◆ Task objective
Scan the listing below. Return every line containing the string "data".

◆ Input
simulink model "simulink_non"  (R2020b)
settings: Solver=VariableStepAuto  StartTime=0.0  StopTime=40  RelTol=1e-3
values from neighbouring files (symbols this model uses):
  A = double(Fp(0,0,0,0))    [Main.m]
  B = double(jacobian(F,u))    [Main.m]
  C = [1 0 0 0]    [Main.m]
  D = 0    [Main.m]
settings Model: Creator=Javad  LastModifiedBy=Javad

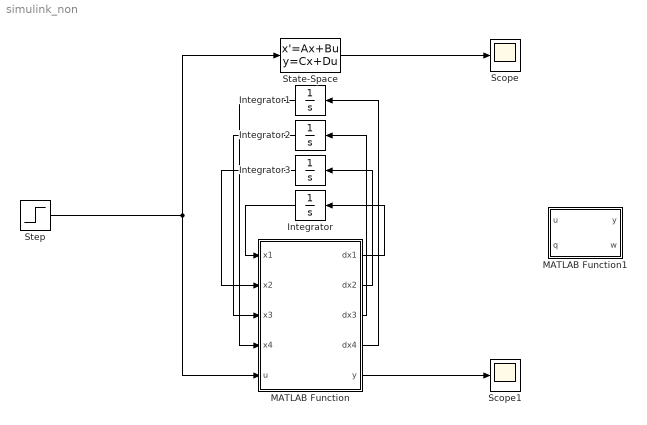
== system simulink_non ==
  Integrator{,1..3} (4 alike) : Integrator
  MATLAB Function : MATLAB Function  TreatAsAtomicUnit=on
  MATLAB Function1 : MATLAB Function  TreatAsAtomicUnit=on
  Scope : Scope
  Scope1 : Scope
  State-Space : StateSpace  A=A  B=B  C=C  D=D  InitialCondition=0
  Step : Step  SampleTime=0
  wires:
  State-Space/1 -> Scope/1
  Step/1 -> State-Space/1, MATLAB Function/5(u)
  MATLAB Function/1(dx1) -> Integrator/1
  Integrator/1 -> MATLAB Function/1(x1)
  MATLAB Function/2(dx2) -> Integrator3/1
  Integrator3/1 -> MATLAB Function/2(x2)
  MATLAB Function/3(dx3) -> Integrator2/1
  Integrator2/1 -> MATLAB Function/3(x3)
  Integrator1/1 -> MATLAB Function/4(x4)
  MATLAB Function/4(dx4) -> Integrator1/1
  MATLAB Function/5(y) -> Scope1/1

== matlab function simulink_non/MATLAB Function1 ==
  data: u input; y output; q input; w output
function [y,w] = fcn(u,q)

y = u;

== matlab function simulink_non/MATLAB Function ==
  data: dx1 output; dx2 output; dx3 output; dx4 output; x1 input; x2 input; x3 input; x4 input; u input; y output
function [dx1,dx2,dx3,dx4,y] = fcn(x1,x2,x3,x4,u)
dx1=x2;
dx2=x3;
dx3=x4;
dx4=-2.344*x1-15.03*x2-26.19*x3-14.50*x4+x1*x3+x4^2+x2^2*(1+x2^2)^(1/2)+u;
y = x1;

◆ Answer for the task
  data: u input; y output; q input; w output
  data: dx1 output; dx2 output; dx3 output; dx4 output; x1 input; x2 input; x3 input; x4 input; u input; y output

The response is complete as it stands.